When in Rabat don’t miss the Chella necropolis or Sala Colonia which are vast ancient Roman ruins on the mouth of the Bou Regreg River, built more than 2,300 years ago. The site is mind boggling in size and architecture and completely over run by a plethora of giant storks that nest in all the towers. It is a fairy tale vista and one of the worlds great historical sites with the added bonus of these lanky yet graceful giant birds flapping across the landscape like vast mythological Rocs.
The Kasbah in Rabat is straight out of Beau Geste, an old fort with picturesque winding lanes overlooking the river and the town of Salé on the opposite bank, classified a UNESCO World Heritage site. You can wander here for hours admiring the beautiful houses and blue and white painted streets and imagining the savage battles fought as Rabat was the staging post for the Almohad ruler Abd al-Mu’min’s pirate attacks on Spain to plunder for booty. You can continue this Barbary Pirate naval theme by dining at La Péniche barge floating opposite on the Salé side of the river. The perfect place to enjoy good seafood and watch the locals speed by on their water bikes.
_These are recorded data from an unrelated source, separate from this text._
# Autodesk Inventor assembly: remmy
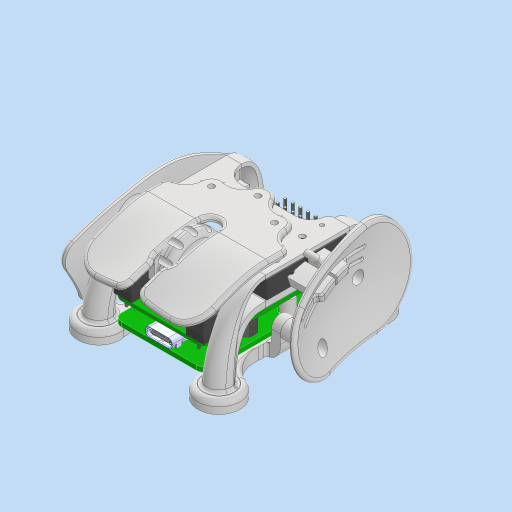
[picture p0: Inventor's stored thumbnail of the model, 512x512]
Saved by Autodesk Inventor 2024 (Build 280153000, 153)
## iProperties
Created: 2025-05-08
Part Number: remmy
Document SubType Name: Assembly
Designer: XxPan
Author: XxPan
## Documents named in this file (9)
- D:\The Mind Palace\remmy_mouse\CAD\remmy.iam
- D:\The Mind Palace\remmy_mouse\CAD\mcu_board.iam
- D:\The Mind Palace\remmy_mouse\CAD\sensor_board.iam
- D:\The Mind Palace\remmy_mouse\CAD\M3_H8.0mm_board_spacer.ipt
- D:\The Mind Palace\remmy_mouse\CAD\shell\mouse_buttons_1-2.ipt
- D:\The Mind Palace\remmy_mouse\CAD\shell\thumb_pad_shortened.ipt
- D:\The Mind Palace\remmy_mouse\CAD\shell\pinky_pad_v2.ipt
- D:\The Mind Palace\remmy_mouse\CAD\shell\base_plate.ipt
- D:\The Mind Palace\remmy_mouse\CAD\socket_head_cap_screw_M3x5.ipt
## Components (16 placed, 8 different names)
1. mcu_board:1 [sub-assembly] — Insert:5, Insert:6, Insert:7, Insert:8
2. sensor_board:1 [sub-assembly] — Flush:1, Flush:2, Flush:3, Insert:1, Insert:2, Insert:3, Insert:4, Mate:1
3. thumb_pad_shortened:1 — Mate:2, Flush:7
4. pinky_pad_v2:1 — Flush:8, Mate:3
5. mouse_buttons_1-2:1 — Mate:4, Insert:13, Insert:14
6. M3_H8.0mm_board_spacer:1 — Insert:1
7. M3_H8.0mm_board_spacer:2 — Insert:3, Insert:5
8. M3_H8.0mm_board_spacer:3 — Insert:2, Insert:6
9. M3_H8.0mm_board_spacer:4 — Insert:4
10. base_plate:1 — Flush:4, Flush:6, Mate:1, Insert:9, Insert:10, Insert:11, Insert:12, Mate:2, Flush:7, Flush:8, Mate:3, Mate:4, Insert:13, Insert:14
11. socket_head_cap_screw_M3x5:1 — Insert:7
12. socket_head_cap_screw_M3x5:2 — Insert:8
13. socket_head_cap_screw_M3x5:3 — Insert:10
14. socket_head_cap_screw_M3x5:4 — Insert:9
15. socket_head_cap_screw_M3x5:5 — Insert:12
16. socket_head_cap_screw_M3x5:6 — Insert:11
## Relationships (25: Insert 14, Flush 7, Mate 4)
- Flush:1: sensor_board:1
- Flush:2: sensor_board:1
- Flush:3: sensor_board:1
- Insert:1: sensor_board:1 ↔ M3_H8.0mm_board_spacer:1
- Insert:2: sensor_board:1 ↔ M3_H8.0mm_board_spacer:3
- Insert:3: sensor_board:1 ↔ M3_H8.0mm_board_spacer:2
- Insert:4: sensor_board:1 ↔ M3_H8.0mm_board_spacer:4
- Insert:5: mcu_board:1 ↔ M3_H8.0mm_board_spacer:2
- Insert:6: mcu_board:1 ↔ M3_H8.0mm_board_spacer:3
- Flush:4: base_plate:1
- Flush:6: base_plate:1
- Mate:1: sensor_board:1 ↔ base_plate:1
- Insert:7: mcu_board:1 ↔ socket_head_cap_screw_M3x5:1
- Insert:8: mcu_board:1 ↔ socket_head_cap_screw_M3x5:2
- Insert:9: base_plate:1 ↔ socket_head_cap_screw_M3x5:4
- Insert:10: base_plate:1 ↔ socket_head_cap_screw_M3x5:3
- Insert:11: base_plate:1 ↔ socket_head_cap_screw_M3x5:6
- Insert:12: base_plate:1 ↔ socket_head_cap_screw_M3x5:5
- Mate:2: thumb_pad_shortened:1 ↔ base_plate:1
- Flush:7 (2 mm): thumb_pad_shortened:1 ↔ base_plate:1
- Flush:8 (2 mm): pinky_pad_v2:1 ↔ base_plate:1
- Mate:3: pinky_pad_v2:1 ↔ base_plate:1
- Mate:4: mouse_buttons_1-2:1 ↔ base_plate:1
- Insert:13: mouse_buttons_1-2:1 ↔ base_plate:1
- Insert:14: mouse_buttons_1-2:1 ↔ base_plate:1

Take a tour of the Mausoleum of Mohammed V with its green tiled roofs typical of modern Alaouite dynasty architecture which contains the tombs of the Moroccan king and his two sons, the late King Hassan II and Prince Abdallah. Opposite is the Hassan Tower set in wide grounds with stone pillars jutting graphically into the air festooned with guards on foot and on horseback in magnificent traditional Moroccan dress. Then finish the day off with a tour of the King Mohammed VI's Royal Palace with its impressive immaculate gardens, government buildings, cannons and Mosques.
Rabat, like all Moroccan cities is benefiting from large scale investment and the newest project is a massive development on the banks of the Bou Regreg River between Rabat and Sale, consisting of a new luxury marina, shopping mall, beach areas and housing for 2013. This will effectively become a modern luxury centre surrounded by the wonderful ancient history of Rabat and is sure to bring many new businesses and tourists to the area. I look forward to popping back soon to see it and spend more time in that wonderful city.